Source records
####################
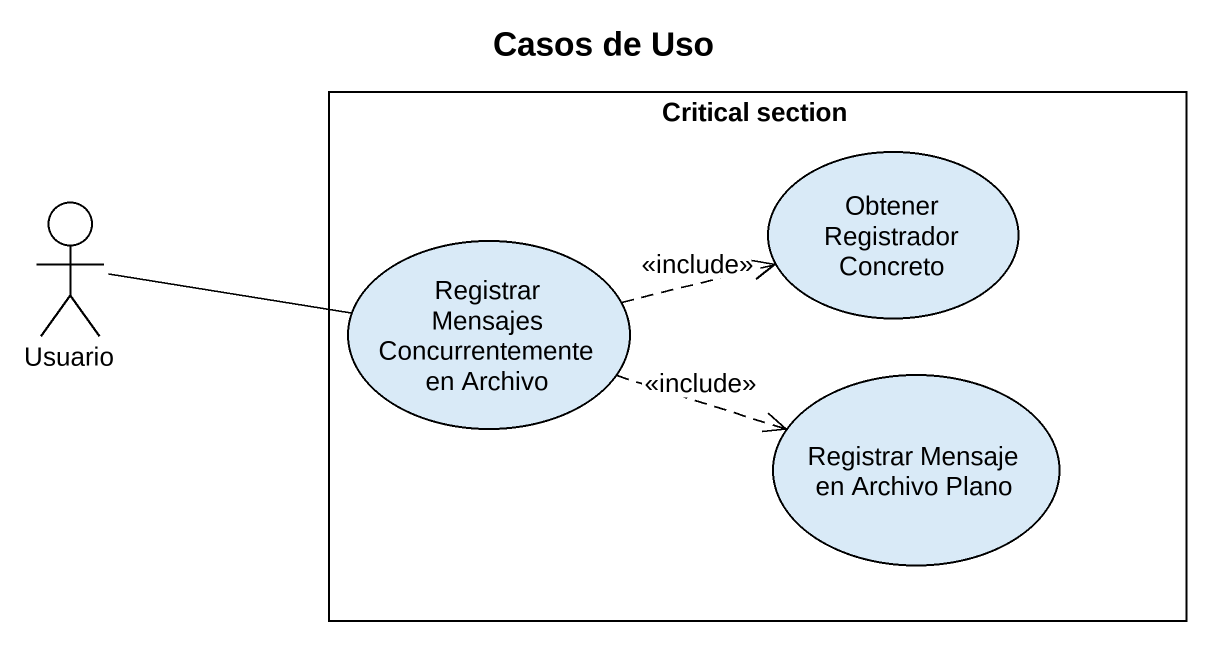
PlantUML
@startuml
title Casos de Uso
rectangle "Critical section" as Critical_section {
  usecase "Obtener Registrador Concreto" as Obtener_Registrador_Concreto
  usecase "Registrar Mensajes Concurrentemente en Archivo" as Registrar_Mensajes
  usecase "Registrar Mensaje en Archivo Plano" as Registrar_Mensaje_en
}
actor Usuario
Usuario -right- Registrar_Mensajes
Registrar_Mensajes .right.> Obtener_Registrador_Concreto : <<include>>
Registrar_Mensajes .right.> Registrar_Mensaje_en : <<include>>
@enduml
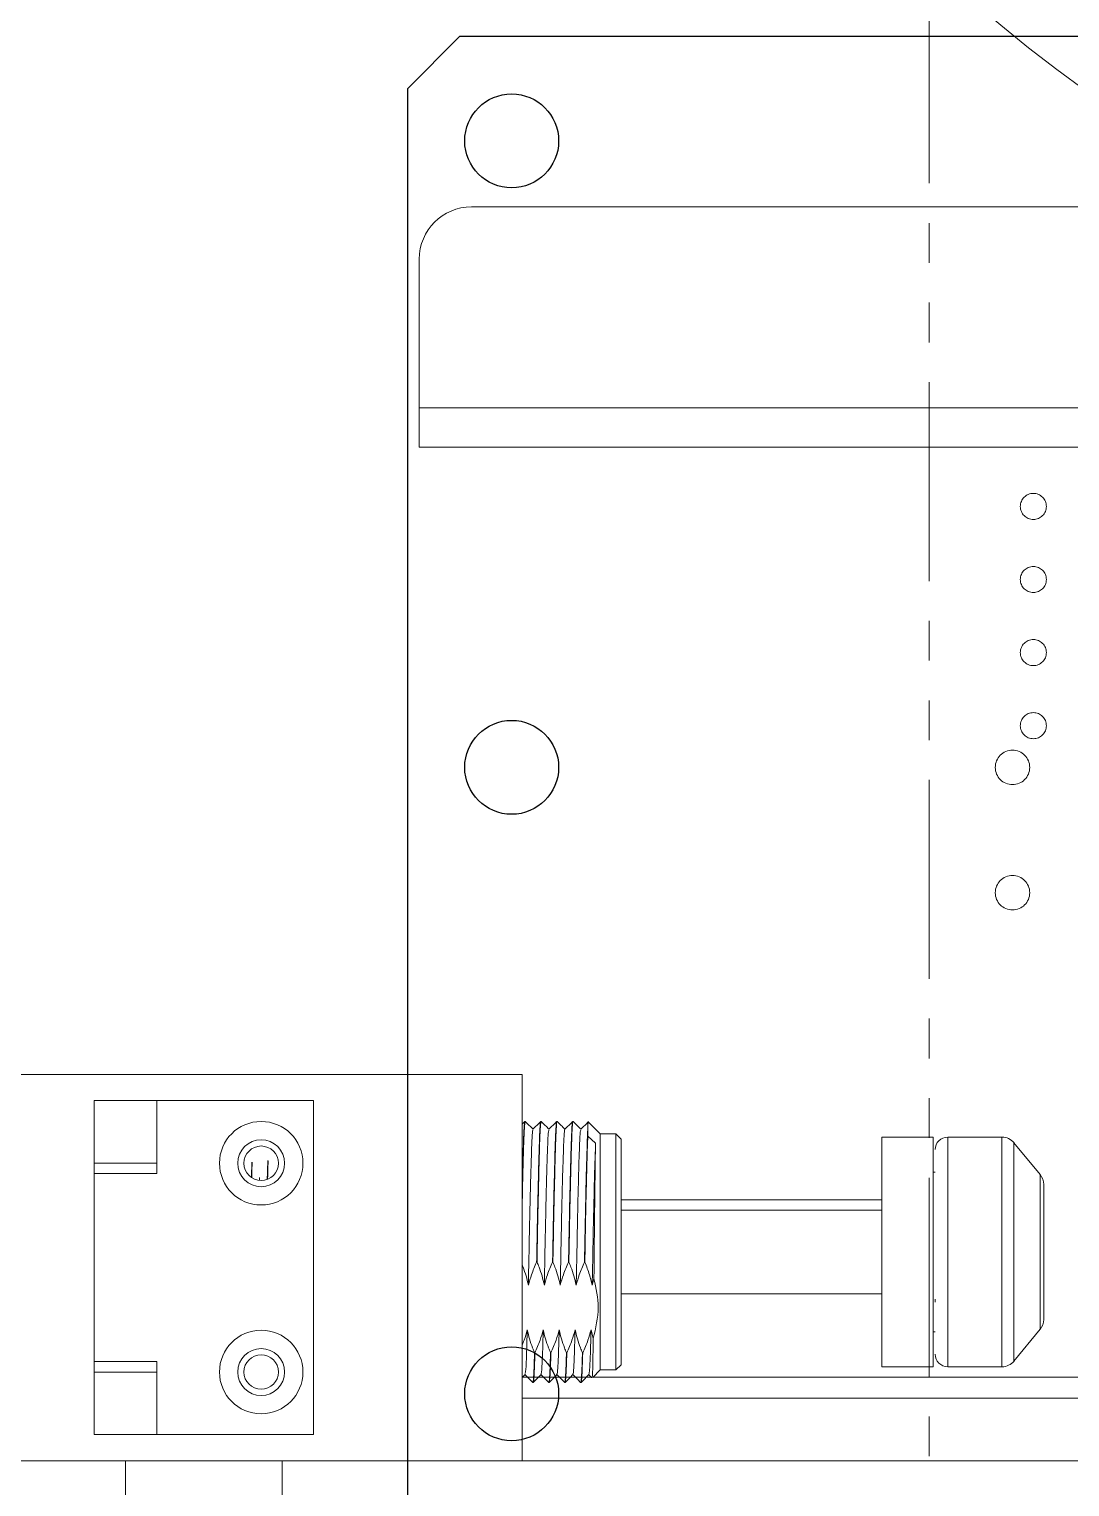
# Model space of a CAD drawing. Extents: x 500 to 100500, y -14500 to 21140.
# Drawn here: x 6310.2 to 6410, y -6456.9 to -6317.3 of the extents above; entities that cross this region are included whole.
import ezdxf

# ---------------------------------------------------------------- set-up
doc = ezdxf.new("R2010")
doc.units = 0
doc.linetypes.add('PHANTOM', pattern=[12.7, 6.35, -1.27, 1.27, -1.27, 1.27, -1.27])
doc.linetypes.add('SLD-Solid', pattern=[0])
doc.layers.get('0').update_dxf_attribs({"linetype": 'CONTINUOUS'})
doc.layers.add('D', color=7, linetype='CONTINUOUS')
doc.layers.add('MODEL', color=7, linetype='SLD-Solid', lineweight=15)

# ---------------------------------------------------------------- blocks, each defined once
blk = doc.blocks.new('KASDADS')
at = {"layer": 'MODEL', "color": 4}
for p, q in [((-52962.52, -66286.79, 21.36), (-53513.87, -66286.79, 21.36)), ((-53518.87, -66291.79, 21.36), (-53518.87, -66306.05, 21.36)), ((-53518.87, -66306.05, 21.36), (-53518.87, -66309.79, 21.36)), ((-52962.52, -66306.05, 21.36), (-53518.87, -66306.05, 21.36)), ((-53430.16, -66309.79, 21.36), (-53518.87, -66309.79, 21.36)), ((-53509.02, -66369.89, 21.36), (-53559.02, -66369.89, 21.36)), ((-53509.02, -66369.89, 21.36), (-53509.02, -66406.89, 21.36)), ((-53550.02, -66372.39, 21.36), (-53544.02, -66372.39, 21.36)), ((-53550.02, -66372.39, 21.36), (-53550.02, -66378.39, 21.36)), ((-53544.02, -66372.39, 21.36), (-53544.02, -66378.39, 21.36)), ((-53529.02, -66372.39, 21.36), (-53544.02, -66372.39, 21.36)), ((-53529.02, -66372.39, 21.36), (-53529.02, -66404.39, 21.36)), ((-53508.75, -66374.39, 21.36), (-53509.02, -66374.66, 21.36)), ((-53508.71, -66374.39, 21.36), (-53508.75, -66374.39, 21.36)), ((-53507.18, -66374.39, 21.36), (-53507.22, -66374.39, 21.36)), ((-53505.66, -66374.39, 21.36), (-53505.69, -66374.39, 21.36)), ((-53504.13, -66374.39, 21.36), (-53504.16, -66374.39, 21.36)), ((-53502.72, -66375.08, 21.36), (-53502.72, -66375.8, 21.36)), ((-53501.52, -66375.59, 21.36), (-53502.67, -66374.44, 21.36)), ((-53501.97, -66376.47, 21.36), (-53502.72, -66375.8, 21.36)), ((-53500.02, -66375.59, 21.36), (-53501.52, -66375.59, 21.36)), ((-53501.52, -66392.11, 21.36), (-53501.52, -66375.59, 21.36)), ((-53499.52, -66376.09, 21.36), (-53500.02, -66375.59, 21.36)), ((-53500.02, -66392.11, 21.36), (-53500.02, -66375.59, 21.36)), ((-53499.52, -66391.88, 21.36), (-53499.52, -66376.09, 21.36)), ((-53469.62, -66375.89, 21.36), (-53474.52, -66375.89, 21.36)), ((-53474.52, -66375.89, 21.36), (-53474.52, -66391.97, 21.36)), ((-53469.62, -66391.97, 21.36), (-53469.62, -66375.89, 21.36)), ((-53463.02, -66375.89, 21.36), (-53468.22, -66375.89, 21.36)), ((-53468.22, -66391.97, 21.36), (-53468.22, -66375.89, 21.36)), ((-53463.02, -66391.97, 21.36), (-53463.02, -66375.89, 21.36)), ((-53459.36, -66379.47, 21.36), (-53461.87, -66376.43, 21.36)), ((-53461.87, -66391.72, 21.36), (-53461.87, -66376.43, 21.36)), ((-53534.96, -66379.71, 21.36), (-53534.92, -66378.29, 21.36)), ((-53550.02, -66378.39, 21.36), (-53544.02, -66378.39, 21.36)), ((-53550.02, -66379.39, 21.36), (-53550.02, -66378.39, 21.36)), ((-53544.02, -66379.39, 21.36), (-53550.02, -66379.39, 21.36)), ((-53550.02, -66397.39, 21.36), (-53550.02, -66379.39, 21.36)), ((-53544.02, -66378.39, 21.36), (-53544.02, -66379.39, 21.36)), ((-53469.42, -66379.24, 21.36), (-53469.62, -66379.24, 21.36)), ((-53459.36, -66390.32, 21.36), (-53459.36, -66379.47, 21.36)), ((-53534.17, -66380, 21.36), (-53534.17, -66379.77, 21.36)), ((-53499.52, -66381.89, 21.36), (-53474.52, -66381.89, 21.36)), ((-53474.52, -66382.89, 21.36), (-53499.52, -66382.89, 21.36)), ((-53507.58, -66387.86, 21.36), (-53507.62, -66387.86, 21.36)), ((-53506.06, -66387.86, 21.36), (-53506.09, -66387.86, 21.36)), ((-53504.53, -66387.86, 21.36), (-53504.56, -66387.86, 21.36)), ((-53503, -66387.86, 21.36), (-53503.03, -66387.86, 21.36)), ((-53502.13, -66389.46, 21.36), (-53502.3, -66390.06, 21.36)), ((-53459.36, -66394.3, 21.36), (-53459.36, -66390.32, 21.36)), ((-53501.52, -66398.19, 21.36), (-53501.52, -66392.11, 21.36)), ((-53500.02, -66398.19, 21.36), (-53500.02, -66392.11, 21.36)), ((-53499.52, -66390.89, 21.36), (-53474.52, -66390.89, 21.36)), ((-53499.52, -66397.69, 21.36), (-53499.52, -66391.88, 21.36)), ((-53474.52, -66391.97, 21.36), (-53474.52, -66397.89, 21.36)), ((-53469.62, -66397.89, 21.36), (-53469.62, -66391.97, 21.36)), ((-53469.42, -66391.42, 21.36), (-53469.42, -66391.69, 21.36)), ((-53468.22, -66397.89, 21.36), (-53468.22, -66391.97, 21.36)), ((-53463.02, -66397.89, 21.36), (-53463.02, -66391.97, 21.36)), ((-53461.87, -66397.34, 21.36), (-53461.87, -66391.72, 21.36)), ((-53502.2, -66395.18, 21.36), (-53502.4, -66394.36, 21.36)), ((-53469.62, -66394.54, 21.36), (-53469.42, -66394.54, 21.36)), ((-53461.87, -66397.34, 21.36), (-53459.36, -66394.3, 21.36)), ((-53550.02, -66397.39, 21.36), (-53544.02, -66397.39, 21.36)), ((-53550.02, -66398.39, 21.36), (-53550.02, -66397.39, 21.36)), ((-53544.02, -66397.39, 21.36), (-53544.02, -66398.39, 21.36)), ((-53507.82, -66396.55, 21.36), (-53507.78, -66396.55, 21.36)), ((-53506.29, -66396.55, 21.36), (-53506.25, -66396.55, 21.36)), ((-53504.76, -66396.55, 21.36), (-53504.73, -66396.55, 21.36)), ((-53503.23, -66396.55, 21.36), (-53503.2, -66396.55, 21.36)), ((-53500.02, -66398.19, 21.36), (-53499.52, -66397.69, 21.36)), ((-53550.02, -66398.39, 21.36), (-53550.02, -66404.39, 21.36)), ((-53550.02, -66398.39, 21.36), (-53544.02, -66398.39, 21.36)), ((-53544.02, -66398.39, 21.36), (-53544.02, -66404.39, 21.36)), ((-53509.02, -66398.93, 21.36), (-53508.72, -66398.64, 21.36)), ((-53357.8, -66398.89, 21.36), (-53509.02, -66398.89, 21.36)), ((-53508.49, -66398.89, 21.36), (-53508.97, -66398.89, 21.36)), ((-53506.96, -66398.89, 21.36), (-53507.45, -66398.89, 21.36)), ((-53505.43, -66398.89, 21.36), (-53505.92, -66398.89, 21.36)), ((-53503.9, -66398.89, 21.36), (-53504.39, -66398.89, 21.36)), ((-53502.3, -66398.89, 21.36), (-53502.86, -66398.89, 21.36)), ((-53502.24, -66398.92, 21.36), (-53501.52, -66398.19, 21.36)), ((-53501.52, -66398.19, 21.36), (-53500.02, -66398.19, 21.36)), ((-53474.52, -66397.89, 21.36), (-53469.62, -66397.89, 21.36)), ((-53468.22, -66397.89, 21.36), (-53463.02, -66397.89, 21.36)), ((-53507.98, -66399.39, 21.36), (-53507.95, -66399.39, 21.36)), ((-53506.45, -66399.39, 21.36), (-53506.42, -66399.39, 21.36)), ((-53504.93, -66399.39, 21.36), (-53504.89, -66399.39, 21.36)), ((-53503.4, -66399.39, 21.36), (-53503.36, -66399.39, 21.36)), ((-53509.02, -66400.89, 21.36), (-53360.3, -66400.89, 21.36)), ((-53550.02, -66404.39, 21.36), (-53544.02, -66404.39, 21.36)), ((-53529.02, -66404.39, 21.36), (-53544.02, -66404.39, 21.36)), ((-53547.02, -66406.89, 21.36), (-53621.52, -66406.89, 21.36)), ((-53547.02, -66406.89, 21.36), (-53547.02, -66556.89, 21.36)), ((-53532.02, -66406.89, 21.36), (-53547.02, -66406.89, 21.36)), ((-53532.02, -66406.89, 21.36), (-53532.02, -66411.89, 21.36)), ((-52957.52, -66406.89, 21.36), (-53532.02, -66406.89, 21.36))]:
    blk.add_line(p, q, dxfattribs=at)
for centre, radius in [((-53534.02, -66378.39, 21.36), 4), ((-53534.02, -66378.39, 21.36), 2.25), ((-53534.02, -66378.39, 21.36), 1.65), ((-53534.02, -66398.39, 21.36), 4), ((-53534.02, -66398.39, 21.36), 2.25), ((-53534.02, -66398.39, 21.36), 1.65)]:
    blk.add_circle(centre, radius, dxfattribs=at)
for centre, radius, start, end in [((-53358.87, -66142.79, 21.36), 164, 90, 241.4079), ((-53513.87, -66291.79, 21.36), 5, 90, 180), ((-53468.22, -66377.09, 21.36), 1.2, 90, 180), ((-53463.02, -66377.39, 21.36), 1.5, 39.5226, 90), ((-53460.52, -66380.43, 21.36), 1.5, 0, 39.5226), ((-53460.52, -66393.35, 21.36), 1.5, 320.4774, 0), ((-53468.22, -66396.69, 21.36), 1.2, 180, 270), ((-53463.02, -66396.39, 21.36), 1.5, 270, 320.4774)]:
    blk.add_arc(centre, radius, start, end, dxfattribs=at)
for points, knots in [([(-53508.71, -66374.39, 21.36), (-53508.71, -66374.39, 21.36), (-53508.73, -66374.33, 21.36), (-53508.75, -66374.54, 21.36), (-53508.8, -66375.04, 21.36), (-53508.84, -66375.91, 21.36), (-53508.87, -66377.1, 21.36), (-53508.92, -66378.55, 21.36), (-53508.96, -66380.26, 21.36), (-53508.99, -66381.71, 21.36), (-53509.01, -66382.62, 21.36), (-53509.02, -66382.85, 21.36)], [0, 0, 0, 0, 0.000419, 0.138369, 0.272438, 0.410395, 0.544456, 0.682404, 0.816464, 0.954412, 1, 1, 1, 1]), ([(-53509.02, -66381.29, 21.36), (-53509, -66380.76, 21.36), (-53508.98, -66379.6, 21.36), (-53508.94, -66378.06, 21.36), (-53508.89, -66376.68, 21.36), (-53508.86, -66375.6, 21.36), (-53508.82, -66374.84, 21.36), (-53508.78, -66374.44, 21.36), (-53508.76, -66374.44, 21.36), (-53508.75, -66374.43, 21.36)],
####################
Task brief » Please return, exactly as written, the lines from the first line of the records above through the line containing "Usuario -right- Registrar_Mensajes", both included, leaving out any pictures.

Task result »
PlantUML
@startuml
title Casos de Uso
rectangle "Critical section" as Critical_section {
  usecase "Obtener Registrador Concreto" as Obtener_Registrador_Concreto
  usecase "Registrar Mensajes Concurrentemente en Archivo" as Registrar_Mensajes
  usecase "Registrar Mensaje en Archivo Plano" as Registrar_Mensaje_en
}
actor Usuario
Usuario -right- Registrar_Mensajes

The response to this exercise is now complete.